How to Encode Domain Information in Relation Classification
Elisa Bassignana, Viggo Unmack Gascou, Frida Nøhr Laustsen, Gustav Kristensen, Marie Haahr Petersen, Rob van der Goot, Barbara Plank
TL;DR
This work tackles the challenge of domain-specific relation classification by exploring multi-domain training with explicit domain encoding. It introduces CrossRE 2.0 to balance data across six domains and compares three encoding strategies: dataset embeddings, special domain markers, and domain-aware entity types. The study finds that simple domain markers outperform other methods, yielding a Macro-F1 gain of over $2$ points on average, particularly improving domain-dependent relations, while many labels with stable cross-domain interpretations benefit less. Overall, the results demonstrate that domain-aware input conditioning can significantly enhance cross-domain RC performance and offer a practical path for leveraging heterogeneous data sources.

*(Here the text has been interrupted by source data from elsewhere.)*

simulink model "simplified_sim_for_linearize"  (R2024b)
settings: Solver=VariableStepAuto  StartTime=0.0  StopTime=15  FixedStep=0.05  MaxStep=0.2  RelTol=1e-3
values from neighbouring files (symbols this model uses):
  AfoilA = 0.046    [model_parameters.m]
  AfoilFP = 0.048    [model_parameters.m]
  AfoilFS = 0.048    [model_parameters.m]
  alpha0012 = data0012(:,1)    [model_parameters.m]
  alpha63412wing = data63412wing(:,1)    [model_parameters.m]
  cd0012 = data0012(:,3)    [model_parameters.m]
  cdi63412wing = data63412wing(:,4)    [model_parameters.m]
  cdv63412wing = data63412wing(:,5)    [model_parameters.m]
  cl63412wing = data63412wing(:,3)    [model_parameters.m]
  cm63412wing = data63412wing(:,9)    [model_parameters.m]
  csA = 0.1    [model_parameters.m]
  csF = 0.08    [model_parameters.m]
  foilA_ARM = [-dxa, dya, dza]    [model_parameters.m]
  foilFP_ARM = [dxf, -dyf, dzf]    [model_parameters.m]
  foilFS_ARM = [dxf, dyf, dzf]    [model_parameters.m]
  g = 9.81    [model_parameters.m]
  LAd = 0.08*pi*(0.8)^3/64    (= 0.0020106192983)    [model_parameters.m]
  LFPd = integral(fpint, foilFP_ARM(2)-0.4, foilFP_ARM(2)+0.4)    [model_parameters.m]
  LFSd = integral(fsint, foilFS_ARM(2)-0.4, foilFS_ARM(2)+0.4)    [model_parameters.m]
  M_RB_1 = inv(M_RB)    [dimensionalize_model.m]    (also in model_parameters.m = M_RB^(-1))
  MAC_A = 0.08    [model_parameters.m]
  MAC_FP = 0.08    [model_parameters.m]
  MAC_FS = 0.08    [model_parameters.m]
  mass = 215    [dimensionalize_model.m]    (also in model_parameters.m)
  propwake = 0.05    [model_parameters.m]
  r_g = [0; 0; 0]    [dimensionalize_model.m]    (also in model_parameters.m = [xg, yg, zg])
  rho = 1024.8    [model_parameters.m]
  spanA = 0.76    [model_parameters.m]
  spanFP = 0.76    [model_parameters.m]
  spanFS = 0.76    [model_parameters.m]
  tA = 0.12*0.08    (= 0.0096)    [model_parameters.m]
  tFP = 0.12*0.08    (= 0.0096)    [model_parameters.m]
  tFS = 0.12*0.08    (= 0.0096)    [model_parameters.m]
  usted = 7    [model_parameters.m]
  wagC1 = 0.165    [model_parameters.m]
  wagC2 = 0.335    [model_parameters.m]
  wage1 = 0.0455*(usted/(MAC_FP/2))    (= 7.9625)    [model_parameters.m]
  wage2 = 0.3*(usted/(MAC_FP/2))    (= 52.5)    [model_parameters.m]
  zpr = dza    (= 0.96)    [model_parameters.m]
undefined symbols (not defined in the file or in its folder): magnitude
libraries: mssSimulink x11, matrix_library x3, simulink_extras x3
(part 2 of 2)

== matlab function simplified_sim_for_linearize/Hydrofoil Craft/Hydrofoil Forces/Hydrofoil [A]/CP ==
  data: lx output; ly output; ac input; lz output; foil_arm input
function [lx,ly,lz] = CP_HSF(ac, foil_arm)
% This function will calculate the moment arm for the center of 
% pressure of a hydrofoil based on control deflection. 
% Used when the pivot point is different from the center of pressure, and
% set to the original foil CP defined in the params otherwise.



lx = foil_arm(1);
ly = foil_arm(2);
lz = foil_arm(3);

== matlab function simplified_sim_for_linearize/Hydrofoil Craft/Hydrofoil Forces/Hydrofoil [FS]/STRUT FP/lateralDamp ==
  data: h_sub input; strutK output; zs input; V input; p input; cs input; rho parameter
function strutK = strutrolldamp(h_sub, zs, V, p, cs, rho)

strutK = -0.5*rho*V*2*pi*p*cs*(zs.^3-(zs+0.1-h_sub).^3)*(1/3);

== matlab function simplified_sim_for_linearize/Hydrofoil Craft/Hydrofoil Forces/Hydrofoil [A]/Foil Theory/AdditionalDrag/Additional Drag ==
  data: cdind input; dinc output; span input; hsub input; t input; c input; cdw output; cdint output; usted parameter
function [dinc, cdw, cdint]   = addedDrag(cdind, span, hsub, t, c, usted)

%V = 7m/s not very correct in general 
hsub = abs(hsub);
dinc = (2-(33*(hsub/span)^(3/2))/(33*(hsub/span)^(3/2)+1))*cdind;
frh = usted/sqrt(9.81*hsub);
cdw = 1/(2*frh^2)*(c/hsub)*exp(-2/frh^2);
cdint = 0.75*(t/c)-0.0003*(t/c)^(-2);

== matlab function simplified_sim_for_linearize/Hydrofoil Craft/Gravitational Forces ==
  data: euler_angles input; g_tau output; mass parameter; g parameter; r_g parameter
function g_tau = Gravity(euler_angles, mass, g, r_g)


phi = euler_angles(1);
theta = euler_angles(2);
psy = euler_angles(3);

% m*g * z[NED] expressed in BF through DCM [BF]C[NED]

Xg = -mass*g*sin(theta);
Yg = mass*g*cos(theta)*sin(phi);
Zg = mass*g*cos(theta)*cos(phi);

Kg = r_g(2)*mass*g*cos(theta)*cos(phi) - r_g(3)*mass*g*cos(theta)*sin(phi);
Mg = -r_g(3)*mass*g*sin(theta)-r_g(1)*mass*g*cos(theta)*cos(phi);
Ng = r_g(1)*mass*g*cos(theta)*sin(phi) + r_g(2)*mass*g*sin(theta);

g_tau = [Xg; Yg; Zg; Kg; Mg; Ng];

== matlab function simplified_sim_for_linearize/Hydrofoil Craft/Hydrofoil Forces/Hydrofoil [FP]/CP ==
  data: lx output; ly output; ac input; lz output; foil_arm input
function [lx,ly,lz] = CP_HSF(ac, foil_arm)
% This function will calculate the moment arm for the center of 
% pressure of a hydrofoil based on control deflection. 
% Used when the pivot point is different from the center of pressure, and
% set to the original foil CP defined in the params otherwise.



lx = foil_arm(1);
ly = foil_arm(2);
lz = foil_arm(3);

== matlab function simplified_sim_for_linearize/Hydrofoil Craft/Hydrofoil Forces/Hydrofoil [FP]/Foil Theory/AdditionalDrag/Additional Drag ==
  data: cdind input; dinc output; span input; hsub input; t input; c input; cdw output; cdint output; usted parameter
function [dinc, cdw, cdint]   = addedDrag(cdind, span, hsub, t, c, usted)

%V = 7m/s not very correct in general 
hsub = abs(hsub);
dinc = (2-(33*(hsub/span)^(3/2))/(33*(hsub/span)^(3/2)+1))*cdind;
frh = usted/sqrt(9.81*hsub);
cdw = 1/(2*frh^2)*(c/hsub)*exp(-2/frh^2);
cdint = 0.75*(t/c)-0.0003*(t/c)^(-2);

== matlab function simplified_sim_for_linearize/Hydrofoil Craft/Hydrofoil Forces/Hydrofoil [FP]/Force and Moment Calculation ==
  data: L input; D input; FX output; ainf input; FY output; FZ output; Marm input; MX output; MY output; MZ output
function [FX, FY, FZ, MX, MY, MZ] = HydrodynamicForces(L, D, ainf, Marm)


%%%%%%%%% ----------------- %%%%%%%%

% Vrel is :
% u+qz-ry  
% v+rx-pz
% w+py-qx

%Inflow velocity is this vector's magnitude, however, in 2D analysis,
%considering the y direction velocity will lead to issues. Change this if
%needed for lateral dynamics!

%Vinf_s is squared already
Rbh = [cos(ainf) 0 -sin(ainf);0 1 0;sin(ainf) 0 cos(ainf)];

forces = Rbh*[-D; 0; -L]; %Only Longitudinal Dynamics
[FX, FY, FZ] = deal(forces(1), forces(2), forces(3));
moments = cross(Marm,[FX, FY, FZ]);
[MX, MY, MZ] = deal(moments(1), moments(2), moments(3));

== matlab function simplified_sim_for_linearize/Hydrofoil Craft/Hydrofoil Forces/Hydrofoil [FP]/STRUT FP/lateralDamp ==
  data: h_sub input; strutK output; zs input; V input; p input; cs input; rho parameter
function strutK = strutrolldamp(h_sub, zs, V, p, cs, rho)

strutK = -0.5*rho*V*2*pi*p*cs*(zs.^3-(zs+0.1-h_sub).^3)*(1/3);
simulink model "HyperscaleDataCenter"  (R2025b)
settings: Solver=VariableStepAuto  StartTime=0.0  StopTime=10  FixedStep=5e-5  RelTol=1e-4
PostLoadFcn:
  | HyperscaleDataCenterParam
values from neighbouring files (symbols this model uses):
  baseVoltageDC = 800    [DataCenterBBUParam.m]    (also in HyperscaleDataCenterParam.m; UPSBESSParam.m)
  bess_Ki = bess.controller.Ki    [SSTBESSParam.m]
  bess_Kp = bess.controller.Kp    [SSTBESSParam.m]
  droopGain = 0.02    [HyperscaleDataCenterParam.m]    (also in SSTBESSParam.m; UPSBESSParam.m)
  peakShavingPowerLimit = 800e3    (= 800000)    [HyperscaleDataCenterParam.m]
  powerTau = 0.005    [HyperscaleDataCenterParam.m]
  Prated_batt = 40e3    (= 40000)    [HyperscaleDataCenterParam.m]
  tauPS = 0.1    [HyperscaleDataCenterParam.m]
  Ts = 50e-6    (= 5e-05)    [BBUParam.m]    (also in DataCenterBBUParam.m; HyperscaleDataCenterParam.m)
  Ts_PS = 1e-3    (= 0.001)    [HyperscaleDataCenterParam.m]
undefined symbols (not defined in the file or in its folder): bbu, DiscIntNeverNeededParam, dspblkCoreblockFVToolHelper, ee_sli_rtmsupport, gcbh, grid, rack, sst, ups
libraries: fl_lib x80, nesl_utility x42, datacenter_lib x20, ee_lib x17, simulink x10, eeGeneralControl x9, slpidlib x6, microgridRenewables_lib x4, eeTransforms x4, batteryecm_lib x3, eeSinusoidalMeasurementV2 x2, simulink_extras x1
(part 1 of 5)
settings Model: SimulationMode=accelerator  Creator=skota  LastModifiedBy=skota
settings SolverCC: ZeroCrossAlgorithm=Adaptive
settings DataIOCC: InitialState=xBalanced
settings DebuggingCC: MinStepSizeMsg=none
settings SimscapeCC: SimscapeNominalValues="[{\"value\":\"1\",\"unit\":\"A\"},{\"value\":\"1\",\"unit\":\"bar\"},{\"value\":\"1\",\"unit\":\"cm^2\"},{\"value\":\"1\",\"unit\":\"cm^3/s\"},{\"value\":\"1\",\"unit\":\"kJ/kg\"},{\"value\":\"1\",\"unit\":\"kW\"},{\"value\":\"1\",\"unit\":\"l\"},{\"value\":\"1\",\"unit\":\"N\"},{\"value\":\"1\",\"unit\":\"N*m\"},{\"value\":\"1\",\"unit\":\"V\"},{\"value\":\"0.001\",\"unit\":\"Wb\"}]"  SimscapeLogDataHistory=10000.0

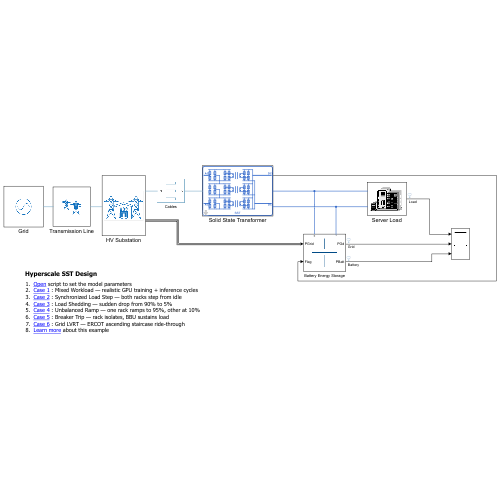
[thumbnail: Simulink's stored preview of the top-level diagram]
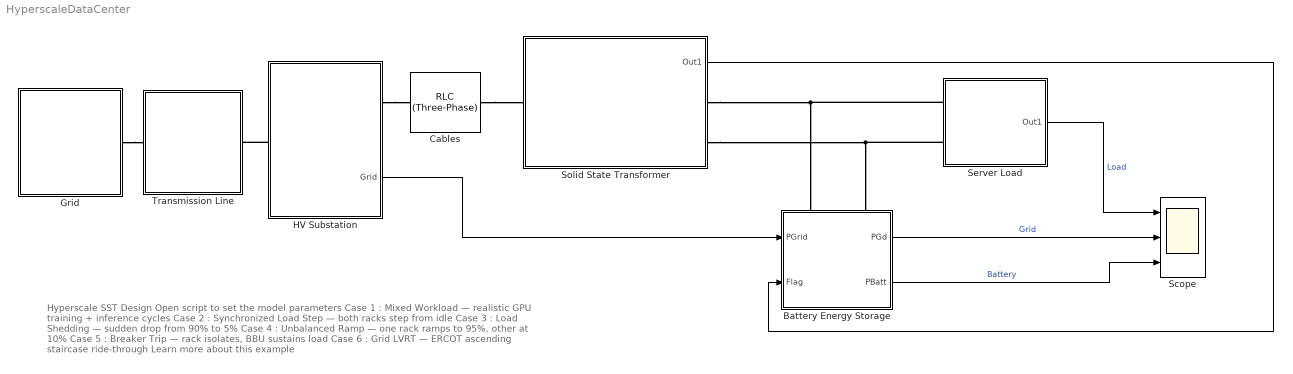
== system HyperscaleDataCenter ==
  note: Hyperscale SST Design
      | Open script to set the model parameters
      | Case 1 : Mixed Workload — realistic GPU training + inference cycles
      | Case 2 : Synchronized Load Step — both racks step from idle
      | Case 3 : Load Shedding — sudden drop from 90% to 5%
      | Case 4 : Unbalanced Ramp — one rack ramps to 95%, other at 10%
      | Case 5 : Breaker Trip — rack isolates, BBU sustains load
      | Case 6 : Grid LVRT — ERCOT ascending staircase ride-through
      | Learn more about this example
  Battery Energy Storage : Subsystem
      settings: PortSchema="{\"entries\":[{\"content\":{\"sides\":[{\"content\":{\"connectorIds\":[\"LConn1\",\"LConn2\"]},\"type\":\"ConnectorPlacement.EquallySpacedRectSide\",\"uuid\":\"f30d4562-66db-40aa-a311-a092df84fe5e\"},{\"content\":{\"side\":\"RIGHT\"},\"type\":\"ConnectorPlacement.EquallySpacedRectSide\",\"uuid\":\"82020e0e-30c9-451f-87cf-8a5183405c63\"},{\"content\":{\"connectorIds\":[\"In1\",\"In2\"],\"side\":\"TOP\"},\"type\":\"ConnectorPlacement.EquallySpacedRectSide\",\"uuid\":\"d7b483c7-3846-444d-bee9-68afc8ec1fc3\"},{\"content\":{\"connectorIds\":[\"Out1\",\"Out2\"],\"side\":\"BOTTOM\"},\"type\":\"ConnectorPlacement.EquallySpacedRectSide\",\"uuid\":\"677d4972-f2c3-4679-96cc-fb4a4809ac22\"}]},\"type\":\"ConnectorPlacement.EquallySpacedConnector\",\"uuid\":\"2e044c4a-d8de-4d2a-b140-ec8718812782\"}],\"packageUris\":[\"http://schema.mathworks.com/mf0/Connector/R2020b\"],\"version\":\"1.0\"}"
      mask Display: image('DCBusbattery_1.png');
  Cables : ee_lib/Passive/RLC Assemblies/RLC (Three-Phase)  port_option=ee.enum.threePhasePort.composite  component_structure=ee.enum.rlc.structure.SeriesRL  R=1e-3 Ohm  L=1e-5 H  C=1e-6 F  R_parasitic=0 Ohm  G_parasitic=0 1/Ohm  IL_specify=on  IL_priority=None  IL=[0, 0, 0] A  IL_nominal_specify=off  IL_nominal_value=1  IL_nominal_unit=A  VC_specify=off  VC_priority=High  VC=[0, 0, 0] V  VC_nominal_specify=off  VC_nominal_value=1  VC_nominal_unit=V
      settings: InternalSimscapePortConfiguration="{\"Bottom\":[],\"Left\":[{\"id\":\"N1\",\"label\":\"~1\",\"type\":\"foundation.electrical.three_phase\"}],\"Right\":[{\"id\":\"N2\",\"label\":\"~2\",\"type\":\"foundation.electrical.three_phase\"}],\"Top\":[]}"
  Grid : Subsystem
  HV Substation : Subsystem
      settings: PortSchema="{\"entries\":[{\"content\":{\"sides\":[{\"content\":{\"connectorIds\":[\"LConn1\"]},\"type\":\"ConnectorPlacement.EquallySpacedRectSide\",\"uuid\":\"cf02143b-cb97-440a-93ce-8a413170b7c0\"},{\"content\":{\"connectorIds\":[\"RConn1\",\"Out1\"],\"side\":\"RIGHT\"},\"type\":\"ConnectorPlacement.EquallySpacedRectSide\",\"uuid\":\"e82f4f93-e397-4fd2-8ad6-51f8e1dce17a\"},{\"content\":{\"side\":\"TOP\"},\"type\":\"ConnectorPlacement.EquallySpacedRectSide\",\"uuid\":\"5284a86a-a773-4d71-bb38-460e3da41d4c\"}]},\"type\":\"ConnectorPlacement.EquallySpacedConnector\",\"uuid\":\"36d9daed-9f92-41bd-b078-b520288a69b1\"}],\"packageUris\":[\"http://schema.mathworks.com/mf0/Connector/R2020b\"],\"version\":\"1.0\"}"
  Scope : Scope  NumInputPorts=3
      settings: ActiveDisplayYMinimum=-1.6618094800018679  ActiveDisplayYMaximum=14.956285320010076  DataLoggingVariableName=ScopeData3
  Server Load : Subsystem
      mask Display: image('datacenter.png');
  Solid State Transformer : Subsystem  mask(Solid State Transformer){inputVoltage=sst.inputVoltage, dcBusVoltage=sst.chb.dcBusVoltage, dcOutputVoltage=sst.dcOutputVoltage, frequency=sst.frequency, numModules=sst.chb.numModules, Kp_dab=sst.dab.kp, Ki_dab=sst.dab.ki, dab_sat_upper=sst.dab.upperLimit, dab_sat_lower=sst.dab.lowerLimit, dcBusCapacitance=sst.chb.dcBusCapacitance, filterInductance=sst.filter.inductance, filterResistance=sst.filter.resistance, dab_sampleTime=sst.dab.sampleTime, Vdc_init=sst.chb.Vdc_init}
      mask prompts: inputVoltage "Input Voltage - Phase to Phase RMS (V)"; dcBusVoltage "DC Bus Voltage per Module (V)"; dcOutputVoltage "DC Output Voltage (V)"; frequency "Grid Frequency (Hz)"; numModules "Number of CHB Modules per Phase"; Kp_dab "Proportional Gain (Kp)"; Ki_dab "Integral Gain (Ki)"; dab_sat_upper "Phase Shift Upper Limit"; dab_sat_lower "Phase Shift Lower Limit"; dcBusCapacitance "DC Bus Capacitance (F)"; filterInductance "Filter Inductance (H)"; filterResistance "Filter Resistance (Ohm)"; dab_sampleTime "DAB sample time (s)"; Vdc_init "Initial DC bus voltage (V)"
      mask help: Solid State Transformer with CHB rectifier and DAB DC-DC converters. Three-phase input, isolated DC output.
      mask init:
      | % SST Mask Initialization
      | % Propagate DAB PI gains to all 9 DAB controllers
      | phases = {'Subsystem1', 'Subsystem2', 'Subsystem3'};
      | 
      | % Support per-phase capacitance: scalar or [Ca Cb Cc] vector
      | if isscalar(dcBusCapacitance)
      |     capPerPhase = dcBusCapacitance * [1 1 1];
      | else
      |     capPerPhase = dcBusCapacitance;
      | end
      | 
      | % Support per-phase initial voltage: scalar or [Va Vb Vc] vector
      | if isscalar(Vdc_init)
      |     vInitPerPhase = Vdc_init * [1 1 1];
      | else
      |     vInitPerPhase = Vdc_init;
      | end
      | 
      | for p = 1:3
      |     % Propagate DC bus capacitance (per-phase)
      |     caps = {'Capacitor', 'Capacitor1', 'Capacitor2'};
      |     for c = 1:3
      |         capPath = [gcb, '/Converters/', phases{p}, '/', caps{c}];
      |         set_param(capPath, 'c', num2str(capPerPhase(p)));
      |         set_param(capPath, 'vc', num2str(vInitPerPhase(p)));
      |     end
      | end
      | 
      | % Propagate filter parameters
      | rlPath = [gcb, '/Filter & AC measurements/RL filter'];
      | set_param(rlPath, 'L', num2str(filterInductance));
      | set_param(rlPath, 'R', num2str(filterResistance));
      settings: CopyFcn=set_param(gcbh,'LinkStatus','none');
      mask Help: web("DocumentationSolidStateTransformer.html")
      mask DialogControl GeneralTab Prompt: General
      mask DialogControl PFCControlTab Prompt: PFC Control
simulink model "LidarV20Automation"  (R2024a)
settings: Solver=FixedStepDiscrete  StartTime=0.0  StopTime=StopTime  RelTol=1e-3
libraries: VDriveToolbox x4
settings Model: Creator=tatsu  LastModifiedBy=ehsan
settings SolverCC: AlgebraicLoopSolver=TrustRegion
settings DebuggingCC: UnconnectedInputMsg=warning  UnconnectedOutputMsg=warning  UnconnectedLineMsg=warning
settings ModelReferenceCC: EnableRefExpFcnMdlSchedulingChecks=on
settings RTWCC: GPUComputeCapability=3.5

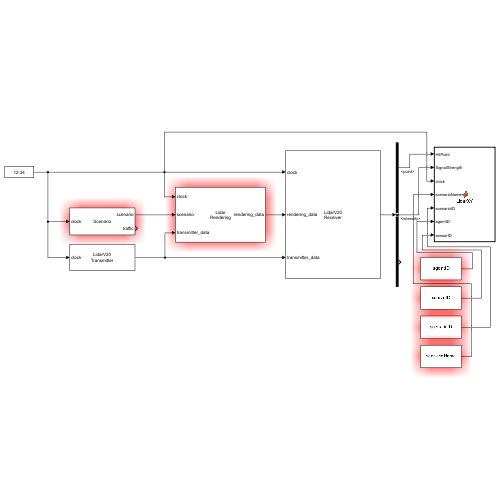
[thumbnail: Simulink's stored preview of the top-level diagram]
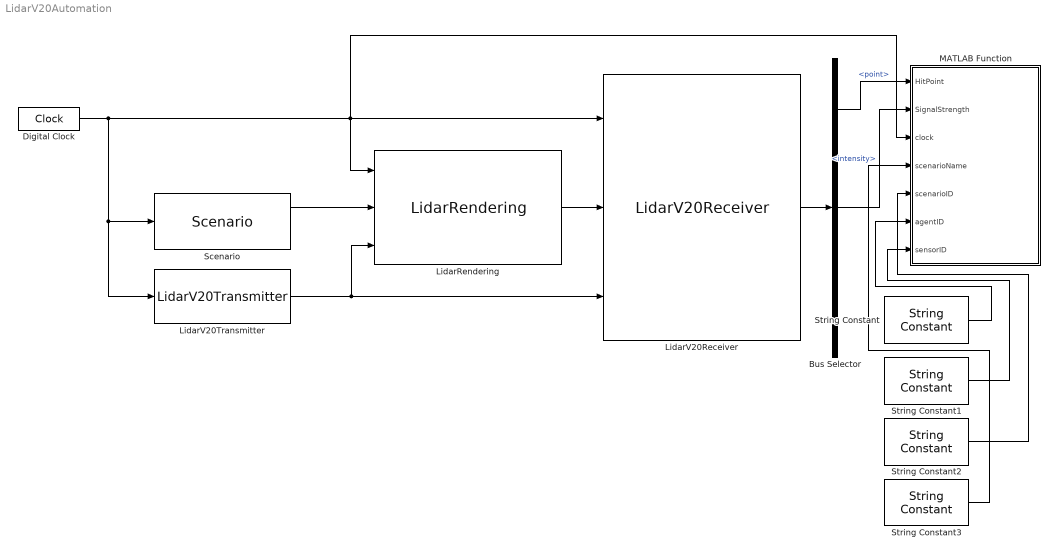
== system LidarV20Automation ==
  Bus Selector : BusSelector  OutputSignals=point,intensity,delta_time
  Digital Clock : DigitalClock  SampleTime=0.1
  LidarRendering : VDriveToolbox/Lidars/LidarRendering  SubConfigFile=lidarConfigFile  SubScenarioXML=scenarioXML  SubScenarioID=scenarioID  SubSensorID=sensorID  SubSampleTime=-1
      settings: SourceProductName=V-Drive Toolbox
  LidarV20Receiver : VDriveToolbox/Lidars/LidarV20Receiver  SubconfigFile="\"V20SpecFileAutomation.csv\""  SubsampleTime=-1
      settings: SourceProductName=V-Drive Toolbox
  LidarV20Transmitter : VDriveToolbox/Lidars/LidarV20Transmitter  SubconfigFile="\"V20SpecFileAutomation.csv\""  SubmaxRayNum=255160  SubsampleTime=-1
      settings: SourceProductName=V-Drive Toolbox
  MATLAB Function : MATLAB Function  TreatAsAtomicUnit=on
  Scenario : VDriveToolbox/Scenarios/Scenario  SubScenarioXML=scenarioXML  SubScenarioID=scenarioID
      settings: SourceProductName=V-Drive Toolbox
  String Constant : StringConstant  String=agentID
  String Constant1 : StringConstant  String=sensorID
  String Constant2 : StringConstant  String=scenarioID
  String Constant3 : StringConstant  String=scenarioName
  wires:
  Digital Clock/1 -> LidarV20Receiver/1, LidarRendering/1, MATLAB Function/3(clock), LidarV20Transmitter/1, Scenario/1
  LidarV20Transmitter/1 -> LidarRendering/3, LidarV20Receiver/3
  Scenario/1 -> LidarRendering/2
  LidarV20Receiver/1 -> Bus Selector/1
  Bus Selector/1 -> MATLAB Function/1(HitPoint)  "<point>"
  Bus Selector/2 -> MATLAB Function/2(SignalStrength)  "<intensity>"
  LidarRendering/1 -> LidarV20Receiver/2
  String Constant/1 -> MATLAB Function/6(agentID)
  String Constant1/1 -> MATLAB Function/7(sensorID)
  String Constant2/1 -> MATLAB Function/5(scenarioID)
  String Constant3/1 -> MATLAB Function/4(scenarioName)

== matlab function LidarV20Automation/MATLAB Function ==
  data: HitPoint input; SignalStrength input; clock input; scenarioName input; scenarioID input; agentID input string; sensorID input string
function LidarXY(HitPoint,SignalStrength,clock,scenarioName,scenarioID,agentID,sensorID)

    coder.extrinsic('LidarXYMapAutomationV20');
    LidarXYMapAutomationV20(HitPoint,SignalStrength,clock,scenarioName,scenarioID,agentID,sensorID);
    
end

The CrossRE 2.0 extension and analysis provide a valuable benchmark and insight into how domain signals influence RC across domains.
Abstract
Current language models require a lot of training data to obtain high performance. For Relation Classification (RC), many datasets are domain-specific, so combining datasets to obtain better performance is non-trivial. We explore a multi-domain training setup for RC, and attempt to improve performance by encoding domain information. Our proposed models improve > 2 Macro-F1 against the baseline setup, and our analysis reveals that not all the labels benefit the same: The classes which occupy a similar space across domains (i.e., their interpretation is close across them, for example "physical") benefit the least, while domain-dependent relations (e.g., "part-of'') improve the most when encoding domain information.